→ **TASK GOAL**
Return the following from the records below: each line, word for word, starting with the line that contains "#52=CARTESIAN_POINT('',(-400.415803698117,-440.,0.));" and going on through the line that contains "#74=VECTOR('',#73,1.);", with nothing outside that range.

→ **INFORMATION PROVIDED**
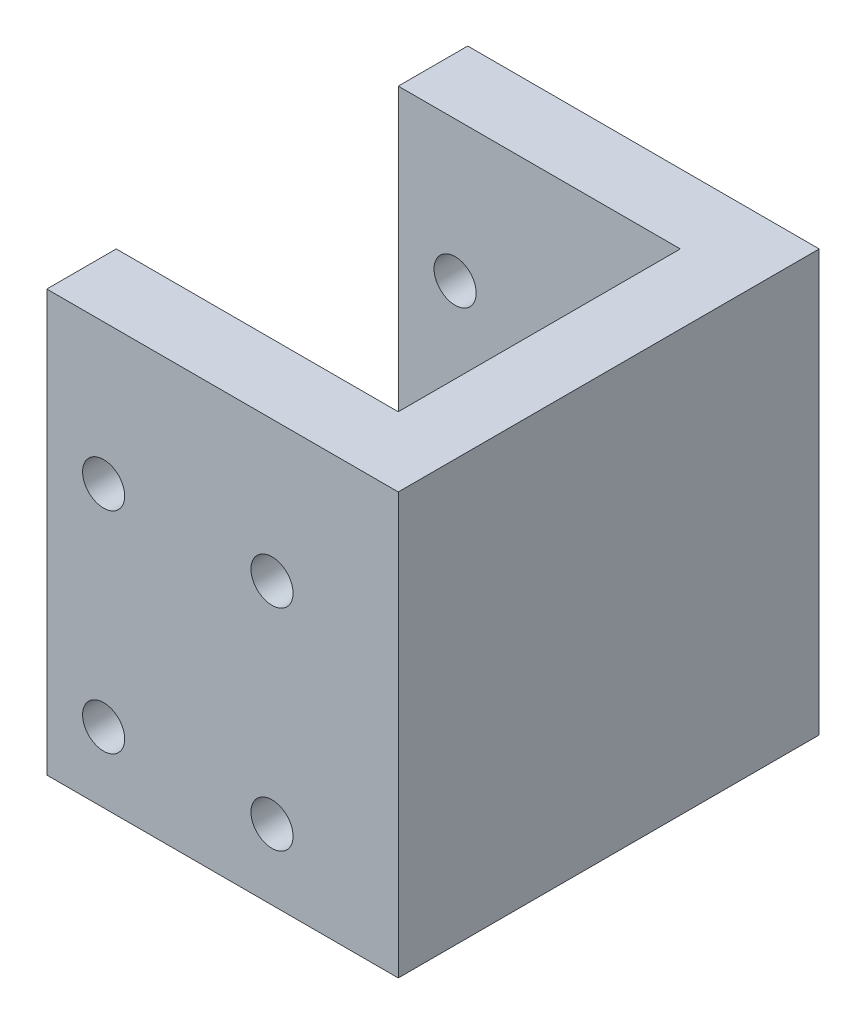
ISO-10303-21;
HEADER;
FILE_DESCRIPTION(('STEP AP214'),'2;1');
FILE_NAME('part.step','',(''),(''),'','','');
FILE_SCHEMA(('AUTOMOTIVE_DESIGN { 1 0 10303 214 1 1 1 1 }'));
ENDSEC;
DATA;
#1=APPLICATION_CONTEXT('core data for automotive mechanical design processes');
#2=APPLICATION_PROTOCOL_DEFINITION('international standard','automotive_design',2000,#1);
#3=PRODUCT_CONTEXT('',#1,'mechanical');
#4=PRODUCT('Part','Part','',(#3));
#5=PRODUCT_RELATED_PRODUCT_CATEGORY('part','',(#4));
#6=PRODUCT_DEFINITION_FORMATION('','',#4);
#7=PRODUCT_DEFINITION_CONTEXT('part definition',#1,'design');
#8=PRODUCT_DEFINITION('design','',#6,#7);
#9=PRODUCT_DEFINITION_SHAPE('','',#8);
#10=(LENGTH_UNIT() NAMED_UNIT(*) SI_UNIT(.MILLI.,.METRE.));
#11=(NAMED_UNIT(*) PLANE_ANGLE_UNIT() SI_UNIT($,.RADIAN.));
#12=(NAMED_UNIT(*) SI_UNIT($,.STERADIAN.) SOLID_ANGLE_UNIT());
#13=UNCERTAINTY_MEASURE_WITH_UNIT(LENGTH_MEASURE(1.E-05),#10,'distance_accuracy_value','');
#14=(GEOMETRIC_REPRESENTATION_CONTEXT(3) GLOBAL_UNCERTAINTY_ASSIGNED_CONTEXT((#13)) GLOBAL_UNIT_ASSIGNED_CONTEXT((#10,
#11,#12)) REPRESENTATION_CONTEXT('',''));
#15=CARTESIAN_POINT('',(0.,0.,0.));
#16=DIRECTION('',(0.,0.,1.));
#17=DIRECTION('',(1.,0.,0.));
#18=AXIS2_PLACEMENT_3D('',#15,#16,#17);
#19=CARTESIAN_POINT('',(-400.415803698117,-440.,0.));
#20=DIRECTION('',(-1.,0.,0.));
#21=DIRECTION('',(0.,0.,1.));
#22=AXIS2_PLACEMENT_3D('',#19,#20,#21);
#23=PLANE('',#22);
#24=DIRECTION('',(0.,-1.,0.));
#25=VECTOR('',#24,1.);
#26=CARTESIAN_POINT('',(-400.415803698117,-440.,-355.149999999999));
#27=LINE('',#26,#25);
#28=CARTESIAN_POINT('',(-400.415803698117,-440.,-355.149999999999));
#29=VERTEX_POINT('',#28);
#30=CARTESIAN_POINT('',(-400.415803698117,-470.,-355.149999999999));
#31=VERTEX_POINT('',#30);
#32=EDGE_CURVE('E135',#29,#31,#27,.T.);
#33=ORIENTED_EDGE('',*,*,#32,.T.);
#34=DIRECTION('',(0.,0.,-1.));
#35=VECTOR('',#34,1.);
#36=CARTESIAN_POINT('',(-400.415803698117,-470.,0.));
#37=LINE('',#36,#35);
#38=CARTESIAN_POINT('',(-400.415803698117,-470.,-350.199999999999));
#39=VERTEX_POINT('',#38);
#40=EDGE_CURVE('E166',#39,#31,#37,.T.);
#41=ORIENTED_EDGE('',*,*,#40,.F.);
#42=DIRECTION('',(0.,-1.,0.));
#43=VECTOR('',#42,1.);
#44=CARTESIAN_POINT('',(-400.415803698117,-440.,-350.199999999999));
#45=LINE('',#44,#43);
#46=CARTESIAN_POINT('',(-400.415803698117,-440.,-350.199999999999));
#47=VERTEX_POINT('',#46);
#48=EDGE_CURVE('E12',#47,#39,#45,.T.);
#49=ORIENTED_EDGE('',*,*,#48,.F.);
#50=DIRECTION('',(0.,0.,-1.));
#51=VECTOR('',#50,1.);
#52=CARTESIAN_POINT('',(-400.415803698117,-440.,0.));
#53=LINE('',#52,#51);
#54=EDGE_CURVE('E148',#47,#29,#53,.T.);
#55=ORIENTED_EDGE('',*,*,#54,.T.);
#56=EDGE_LOOP('',(#33,#41,#49,#55));
#57=FACE_BOUND('',#56,.T.);
#58=ADVANCED_FACE('F61',(#57),#23,.T.);
#59=DIRECTION('',(0.,-1.,0.));
#60=VECTOR('',#59,1.);
#61=CARTESIAN_POINT('',(-400.415803698117,-440.,-375.249999999999));
#62=LINE('',#61,#60);
#63=CARTESIAN_POINT('',(-400.415803698117,-440.,-375.249999999999));
#64=VERTEX_POINT('',#63);
#65=CARTESIAN_POINT('',(-400.415803698117,-470.,-375.249999999999));
#66=VERTEX_POINT('',#65);
#67=EDGE_CURVE('E78',#64,#66,#62,.T.);
#68=ORIENTED_EDGE('',*,*,#67,.F.);
#69=CARTESIAN_POINT('',(-400.415803698117,-440.,-380.199999999999));
#70=VERTEX_POINT('',#69);
#71=EDGE_CURVE('E110',#64,#70,#53,.T.);
#72=ORIENTED_EDGE('',*,*,#71,.T.);
#73=DIRECTION('',(0.,-1.,0.));
#74=VECTOR('',#73,1.);
#75=CARTESIAN_POINT('',(-400.415803698117,-440.,-380.199999999999));
#76=LINE('',#75,#74);
#77=CARTESIAN_POINT('',(-400.415803698117,-470.,-380.199999999999));
#78=VERTEX_POINT('',#77);
#79=EDGE_CURVE('E165',#70,#78,#76,.T.);
#80=ORIENTED_EDGE('',*,*,#79,.T.);
#81=EDGE_CURVE('E169',#66,#78,#37,.T.);
#82=ORIENTED_EDGE('',*,*,#81,.F.);
#83=EDGE_LOOP('',(#68,#72,#80,#82));
#84=FACE_BOUND('',#83,.T.);
#85=ADVANCED_FACE('F63',(#84),#23,.T.);
#86=CARTESIAN_POINT('',(0.,-440.,-350.199999999999));
#87=DIRECTION('',(0.,0.,-1.));
#88=DIRECTION('',(-1.,0.,0.));
#89=AXIS2_PLACEMENT_3D('',#86,#87,#88);
#90=PLANE('',#89);
#91=CARTESIAN_POINT('',(-396.365803698116,-465.,-350.199999999999));
#92=DIRECTION('',(0.,0.,1.));
#93=DIRECTION('',(1.,0.,0.));
#94=AXIS2_PLACEMENT_3D('',#91,#92,#93);
#95=CIRCLE('',#94,1.5000000000006);
#96=CARTESIAN_POINT('',(-394.865803698116,-465.,-350.199999999999));
#97=VERTEX_POINT('',#96);
#98=EDGE_CURVE('E402',#97,#97,#95,.T.);
#99=ORIENTED_EDGE('',*,*,#98,.F.);
#100=EDGE_LOOP('',(#99));
#101=FACE_BOUND('',#100,.T.);
#102=CARTESIAN_POINT('',(-384.365803698116,-450.,-350.199999999999));
#103=DIRECTION('',(0.,0.,1.));
#104=DIRECTION('',(1.,0.,0.));
#105=AXIS2_PLACEMENT_3D('',#102,#103,#104);
#106=CIRCLE('',#105,1.5000000000006);
#107=CARTESIAN_POINT('',(-382.865803698116,-450.,-350.199999999999));
#108=VERTEX_POINT('',#107);
#109=EDGE_CURVE('E418',#108,#108,#106,.T.);
#110=ORIENTED_EDGE('',*,*,#109,.F.);
#111=EDGE_LOOP('',(#110));
#112=FACE_BOUND('',#111,.T.);
#113=CARTESIAN_POINT('',(-396.365803698116,-450.,-350.199999999999));
#114=DIRECTION('',(0.,0.,1.));
#115=DIRECTION('',(1.,0.,0.));
#116=AXIS2_PLACEMENT_3D('',#113,#114,#115);
#117=CIRCLE('',#116,1.5000000000006);
#118=CARTESIAN_POINT('',(-394.865803698116,-450.,-350.199999999999));
#119=VERTEX_POINT('',#118);
#120=EDGE_CURVE('E436',#119,#119,#117,.T.);
#121=ORIENTED_EDGE('',*,*,#120,.F.);
#122=EDGE_LOOP('',(#121));
#123=FACE_BOUND('',#122,.T.);
#124=CARTESIAN_POINT('',(-384.365803698116,-465.,-350.199999999999));
#125=DIRECTION('',(0.,0.,1.));
#126=DIRECTION('',(1.,0.,0.));
#127=AXIS2_PLACEMENT_3D('',#124,#125,#126);
#128=CIRCLE('',#127,1.5000000000006);
#129=CARTESIAN_POINT('',(-382.865803698116,-465.,-350.199999999999));
#130=VERTEX_POINT('',#129);
#131=EDGE_CURVE('E415',#130,#130,#128,.T.);
#132=ORIENTED_EDGE('',*,*,#131,.F.);
#133=EDGE_LOOP('',(#132));
#134=FACE_BOUND('',#133,.T.);
#135=DIRECTION('',(1.,0.,0.));
#136=VECTOR('',#135,1.);
#137=CARTESIAN_POINT('',(0.,-470.,-350.199999999999));
#138=LINE('',#137,#136);
#139=CARTESIAN_POINT('',(-375.365803698117,-470.,-350.199999999999));
#140=VERTEX_POINT('',#139);
#141=EDGE_CURVE('E159',#39,#140,#138,.T.);
#142=ORIENTED_EDGE('',*,*,#141,.T.);
#143=DIRECTION('',(0.,-1.,0.));
#144=VECTOR('',#143,1.);
#145=CARTESIAN_POINT('',(-375.365803698117,-440.,-350.199999999999));
#146=LINE('',#145,#144);
#147=CARTESIAN_POINT('',(-375.365803698117,-440.,-350.199999999999));
#148=VERTEX_POINT('',#147);
#149=EDGE_CURVE('E70',#148,#140,#146,.T.);
#150=ORIENTED_EDGE('',*,*,#149,.F.);
#151=DIRECTION('',(1.,0.,0.));
#152=VECTOR('',#151,1.);
#153=CARTESIAN_POINT('',(0.,-440.,-350.199999999999));
#154=LINE('',#153,#152);
#155=EDGE_CURVE('E163',#47,#148,#154,.T.);
#156=ORIENTED_EDGE('',*,*,#155,.F.);
#157=ORIENTED_EDGE('',*,*,#48,.T.);
#158=EDGE_LOOP('',(#142,#150,#156,#157));
#159=FACE_BOUND('',#158,.T.);
#160=ADVANCED_FACE('F225',(#101,#112,#123,#134,#159),#90,.F.);
#161=CARTESIAN_POINT('',(-375.365803698117,-440.,0.));
#162=DIRECTION('',(-1.,0.,0.));
#163=DIRECTION('',(0.,0.,1.));
#164=AXIS2_PLACEMENT_3D('',#161,#162,#163);
#165=PLANE('',#164);
#166=DIRECTION('',(0.,0.,-1.));
#167=VECTOR('',#166,1.);
#168=CARTESIAN_POINT('',(-375.365803698117,-470.,0.));
#169=LINE('',#168,#167);
#170=CARTESIAN_POINT('',(-375.365803698117,-470.,-380.199999999999));
#171=VERTEX_POINT('',#170);
#172=EDGE_CURVE('E172',#140,#171,#169,.T.);
#173=ORIENTED_EDGE('',*,*,#172,.T.);
#174=DIRECTION('',(0.,-1.,0.));
#175=VECTOR('',#174,1.);
#176=CARTESIAN_POINT('',(-375.365803698117,-440.,-380.199999999999));
#177=LINE('',#176,#175);
#178=CARTESIAN_POINT('',(-375.365803698117,-440.,-380.199999999999));
#179=VERTEX_POINT('',#178);
#180=EDGE_CURVE('E178',#179,#171,#177,.T.);
#181=ORIENTED_EDGE('',*,*,#180,.F.);
#182=DIRECTION('',(0.,0.,-1.));
#183=VECTOR('',#182,1.);
#184=CARTESIAN_POINT('',(-375.365803698117,-440.,0.));
#185=LINE('',#184,#183);
#186=EDGE_CURVE('E157',#148,#179,#185,.T.);
#187=ORIENTED_EDGE('',*,*,#186,.F.);
#188=ORIENTED_EDGE('',*,*,#149,.T.);
#189=EDGE_LOOP('',(#173,#181,#187,#188));
#190=FACE_BOUND('',#189,.T.);
#191=ADVANCED_FACE('F228',(#190),#165,.F.);
#192=CARTESIAN_POINT('',(0.,-440.,-380.199999999999));
#193=DIRECTION('',(0.,0.,-1.));
#194=DIRECTION('',(-1.,0.,0.));
#195=AXIS2_PLACEMENT_3D('',#192,#193,#194);
#196=PLANE('',#195);
#197=CARTESIAN_POINT('',(-396.365803698116,-465.,-380.199999999999));
#198=DIRECTION('',(0.,0.,1.));
#199=DIRECTION('',(1.,0.,0.));
#200=AXIS2_PLACEMENT_3D('',#197,#198,#199);
#201=CIRCLE('',#200,1.5000000000006);
#202=CARTESIAN_POINT('',(-394.865803698116,-465.,-380.199999999999));
#203=VERTEX_POINT('',#202);
#204=EDGE_CURVE('E411',#203,#203,#201,.T.);
#205=ORIENTED_EDGE('',*,*,#204,.T.);
#206=EDGE_LOOP('',(#205));
#207=FACE_BOUND('',#206,.T.);
#208=CARTESIAN_POINT('',(-384.365803698116,-450.,-380.199999999999));
#209=DIRECTION('',(0.,0.,1.));
#210=DIRECTION('',(1.,0.,0.));
#211=AXIS2_PLACEMENT_3D('',#208,#209,#210);
#212=CIRCLE('',#211,1.5000000000006);
#213=CARTESIAN_POINT('',(-382.865803698116,-450.,-380.199999999999));
#214=VERTEX_POINT('',#213);
#215=EDGE_CURVE('E412',#214,#214,#212,.T.);
#216=ORIENTED_EDGE('',*,*,#215,.T.);
#217=EDGE_LOOP('',(#216));
#218=FACE_BOUND('',#217,.T.);
#219=CARTESIAN_POINT('',(-396.365803698116,-450.,-380.199999999999));
#220=DIRECTION('',(0.,0.,1.));
#221=DIRECTION('',(1.,0.,0.));
#222=AXIS2_PLACEMENT_3D('',#219,#220,#221);
#223=CIRCLE('',#222,1.5000000000006);
#224=CARTESIAN_POINT('',(-394.865803698116,-450.,-380.199999999999));
#225=VERTEX_POINT('',#224);
#226=EDGE_CURVE('E424',#225,#225,#223,.T.);
#227=ORIENTED_EDGE('',*,*,#226,.T.);
#228=EDGE_LOOP('',(#227));
#229=FACE_BOUND('',#228,.T.);
#230=CARTESIAN_POINT('',(-384.365803698116,-465.,-380.199999999999));
#231=DIRECTION('',(0.,0.,1.));
#232=DIRECTION('',(1.,0.,0.));
#233=AXIS2_PLACEMENT_3D('',#230,#231,#232);
#234=CIRCLE('',#233,1.5000000000006);
#235=CARTESIAN_POINT('',(-382.865803698116,-465.,-380.199999999999));
#236=VERTEX_POINT('',#235);
#237=EDGE_CURVE('E185',#236,#236,#234,.T.);
#238=ORIENTED_EDGE('',*,*,#237,.T.);
#239=EDGE_LOOP('',(#238));
#240=FACE_BOUND('',#239,.T.);
#241=DIRECTION('',(1.,0.,0.));
#242=VECTOR('',#241,1.);
#243=CARTESIAN_POINT('',(0.,-470.,-380.199999999999));
#244=LINE('',#243,#242);
#245=EDGE_CURVE('E168',#78,#171,#244,.T.);
#246=ORIENTED_EDGE('',*,*,#245,.F.);
#247=ORIENTED_EDGE('',*,*,#79,.F.);
#248=DIRECTION('',(1.,0.,0.));
#249=VECTOR('',#248,1.);
#250=CARTESIAN_POINT('',(0.,-440.,-380.199999999999));
#251=LINE('',#250,#249);
#252=EDGE_CURVE('E154',#70,#179,#251,.T.);
#253=ORIENTED_EDGE('',*,*,#252,.T.);
#254=ORIENTED_EDGE('',*,*,#180,.T.);
#255=EDGE_LOOP('',(#246,#247,#253,#254));
#256=FACE_BOUND('',#255,.T.);
#257=ADVANCED_FACE('F233',(#207,#218,#229,#240,#256),#196,.T.);
#258=CARTESIAN_POINT('',(0.,-440.,0.));
#259=DIRECTION('',(0.,-1.,0.));
#260=DIRECTION('',(0.,0.,-1.));
#261=AXIS2_PLACEMENT_3D('',#258,#259,#260);
#262=PLANE('',#261);
#263=DIRECTION('',(0.,0.,1.));
#264=VECTOR('',#263,1.);
#265=CARTESIAN_POINT('',(-380.315803698117,-440.,-375.249999999999));
#266=LINE('',#265,#264);
#267=CARTESIAN_POINT('',(-380.315803698117,-440.,-375.249999999999));
#268=VERTEX_POINT('',#267);
#269=CARTESIAN_POINT('',(-380.315803698117,-440.,-355.149999999999));
#270=VERTEX_POINT('',#269);
#271=EDGE_CURVE('E143',#268,#270,#266,.T.);
#272=ORIENTED_EDGE('',*,*,#271,.T.);
#273=DIRECTION('',(-1.,0.,0.));
#274=VECTOR('',#273,1.);
#275=CARTESIAN_POINT('',(-380.315803698117,-440.,-355.149999999999));
#276=LINE('',#275,#274);
#277=EDGE_CURVE('E138',#270,#29,#276,.T.);
#278=ORIENTED_EDGE('',*,*,#277,.T.);
#279=ORIENTED_EDGE('',*,*,#54,.F.);
#280=ORIENTED_EDGE('',*,*,#155,.T.);
#281=ORIENTED_EDGE('',*,*,#186,.T.);
#282=ORIENTED_EDGE('',*,*,#252,.F.);
#283=ORIENTED_EDGE('',*,*,#71,.F.);
#284=DIRECTION('',(1.,0.,0.));
#285=VECTOR('',#284,1.);
#286=CARTESIAN_POINT('',(-400.415803698117,-440.,-375.249999999999));
#287=LINE('',#286,#285);
#288=EDGE_CURVE('E151',#64,#268,#287,.T.);
#289=ORIENTED_EDGE('',*,*,#288,.T.);
#290=EDGE_LOOP('',(#272,#278,#279,#280,#281,#282,#283,#289));
#291=FACE_BOUND('',#290,.T.);
#292=ADVANCED_FACE('F147',(#291),#262,.F.);
#293=CARTESIAN_POINT('',(0.,-470.,0.));
#294=DIRECTION('',(0.,-1.,0.));
#295=DIRECTION('',(0.,0.,-1.));
#296=AXIS2_PLACEMENT_3D('',#293,#294,#295);
#297=PLANE('',#296);
#298=DIRECTION('',(-1.,0.,0.));
#299=VECTOR('',#298,1.);
#300=CARTESIAN_POINT('',(-380.315803698117,-470.,-355.149999999999));
#301=LINE('',#300,#299);
#302=CARTESIAN_POINT('',(-380.315803698117,-470.,-355.149999999999));
#303=VERTEX_POINT('',#302);
#304=EDGE_CURVE('E141',#303,#31,#301,.T.);
#305=ORIENTED_EDGE('',*,*,#304,.F.);
#306=DIRECTION('',(0.,0.,1.));
#307=VECTOR('',#306,1.);
#308=CARTESIAN_POINT('',(-380.315803698117,-470.,-375.249999999999));
#309=LINE('',#308,#307);
#310=CARTESIAN_POINT('',(-380.315803698117,-470.,-375.249999999999));
#311=VERTEX_POINT('',#310);
#312=EDGE_CURVE('E152',#311,#303,#309,.T.);
#313=ORIENTED_EDGE('',*,*,#312,.F.);
#314=DIRECTION('',(1.,0.,0.));
#315=VECTOR('',#314,1.);
#316=CARTESIAN_POINT('',(-400.415803698117,-470.,-375.249999999999));
#317=LINE('',#316,#315);
#318=EDGE_CURVE('E209',#66,#311,#317,.T.);
#319=ORIENTED_EDGE('',*,*,#318,.F.);
#320=ORIENTED_EDGE('',*,*,#81,.T.);
#321=ORIENTED_EDGE('',*,*,#245,.T.);
#322=ORIENTED_EDGE('',*,*,#172,.F.);
#323=ORIENTED_EDGE('',*,*,#141,.F.);
#324=ORIENTED_EDGE('',*,*,#40,.T.);
#325=EDGE_LOOP('',(#305,#313,#319,#320,#321,#322,#323,#324));
#326=FACE_BOUND('',#325,.T.);
#327=ADVANCED_FACE('F222',(#326),#297,.T.);
#328=CARTESIAN_POINT('',(-380.315803698117,-440.,-355.149999999999));
#329=DIRECTION('',(0.,0.,1.));
#330=DIRECTION('',(1.,0.,0.));
#331=AXIS2_PLACEMENT_3D('',#328,#329,#330);
#332=PLANE('',#331);
#333=CARTESIAN_POINT('',(-396.365803698116,-465.,-355.149999999999));
#334=DIRECTION('',(0.,0.,1.));
#335=DIRECTION('',(1.,0.,0.));
#336=AXIS2_PLACEMENT_3D('',#333,#334,#335);
#337=CIRCLE('',#336,1.5000000000006);
#338=CARTESIAN_POINT('',(-394.865803698116,-465.,-355.149999999999));
#339=VERTEX_POINT('',#338);
#340=EDGE_CURVE('E203',#339,#339,#337,.T.);
#341=ORIENTED_EDGE('',*,*,#340,.T.);
#342=EDGE_LOOP('',(#341));
#343=FACE_BOUND('',#342,.T.);
#344=CARTESIAN_POINT('',(-384.365803698116,-450.,-355.149999999999));
#345=DIRECTION('',(0.,0.,1.));
#346=DIRECTION('',(1.,0.,0.));
#347=AXIS2_PLACEMENT_3D('',#344,#345,#346);
#348=CIRCLE('',#347,1.5000000000006);
#349=CARTESIAN_POINT('',(-382.865803698116,-450.,-355.149999999999));
#350=VERTEX_POINT('',#349);
#351=EDGE_CURVE('E191',#350,#350,#348,.T.);
#352=ORIENTED_EDGE('',*,*,#351,.T.);
#353=EDGE_LOOP('',(#352));
#354=FACE_BOUND('',#353,.T.);
#355=CARTESIAN_POINT('',(-396.365803698116,-450.,-355.149999999999));
#356=DIRECTION('',(0.,0.,1.));
#357=DIRECTION('',(1.,0.,0.));
#358=AXIS2_PLACEMENT_3D('',#355,#356,#357);
#359=CIRCLE('',#358,1.5000000000006);
#360=CARTESIAN_POINT('',(-394.865803698116,-450.,-355.149999999999));
#361=VERTEX_POINT('',#360);
#362=EDGE_CURVE('E188',#361,#361,#359,.T.);
#363=ORIENTED_EDGE('',*,*,#362,.T.);
#364=EDGE_LOOP('',(#363));
#365=FACE_BOUND('',#364,.T.);
#366=CARTESIAN_POINT('',(-384.365803698116,-465.,-355.149999999999));
#367=DIRECTION('',(0.,0.,1.));
#368=DIRECTION('',(1.,0.,0.));
#369=AXIS2_PLACEMENT_3D('',#366,#367,#368);
#370=CIRCLE('',#369,1.5000000000006);
#371=CARTESIAN_POINT('',(-382.865803698116,-465.,-355.149999999999));
#372=VERTEX_POINT('',#371);
#373=EDGE_CURVE('E184',#372,#372,#370,.T.);
#374=ORIENTED_EDGE('',*,*,#373,.T.);
#375=EDGE_LOOP('',(#374));
#376=FACE_BOUND('',#375,.T.);
#377=ORIENTED_EDGE('',*,*,#304,.T.);
#378=ORIENTED_EDGE('',*,*,#32,.F.);
#379=ORIENTED_EDGE('',*,*,#277,.F.);
#380=DIRECTION('',(0.,-1.,0.));
#381=VECTOR('',#380,1.);
#382=CARTESIAN_POINT('',(-380.315803698117,-440.,-355.149999999999));
#383=LINE('',#382,#381);
#384=EDGE_CURVE('E213',#270,#303,#383,.T.);
#385=ORIENTED_EDGE('',*,*,#384,.T.);
#386=EDGE_LOOP('',(#377,#378,#379,#385));
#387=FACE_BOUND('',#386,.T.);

→ **RESPONSE TO THE TASK**
#52=CARTESIAN_POINT('',(-400.415803698117,-440.,0.));
#53=LINE('',#52,#51);
#54=EDGE_CURVE('E148',#47,#29,#53,.T.);
#55=ORIENTED_EDGE('',*,*,#54,.T.);
#56=EDGE_LOOP('',(#33,#41,#49,#55));
#57=FACE_BOUND('',#56,.T.);
#58=ADVANCED_FACE('F61',(#57),#23,.T.);
#59=DIRECTION('',(0.,-1.,0.));
#60=VECTOR('',#59,1.);
#61=CARTESIAN_POINT('',(-400.415803698117,-440.,-375.249999999999));
#62=LINE('',#61,#60);
#63=CARTESIAN_POINT('',(-400.415803698117,-440.,-375.249999999999));
#64=VERTEX_POINT('',#63);
#65=CARTESIAN_POINT('',(-400.415803698117,-470.,-375.249999999999));
#66=VERTEX_POINT('',#65);
#67=EDGE_CURVE('E78',#64,#66,#62,.T.);
#68=ORIENTED_EDGE('',*,*,#67,.F.);
#69=CARTESIAN_POINT('',(-400.415803698117,-440.,-380.199999999999));
#70=VERTEX_POINT('',#69);
#71=EDGE_CURVE('E110',#64,#70,#53,.T.);
#72=ORIENTED_EDGE('',*,*,#71,.T.);
#73=DIRECTION('',(0.,-1.,0.));
#74=VECTOR('',#73,1.);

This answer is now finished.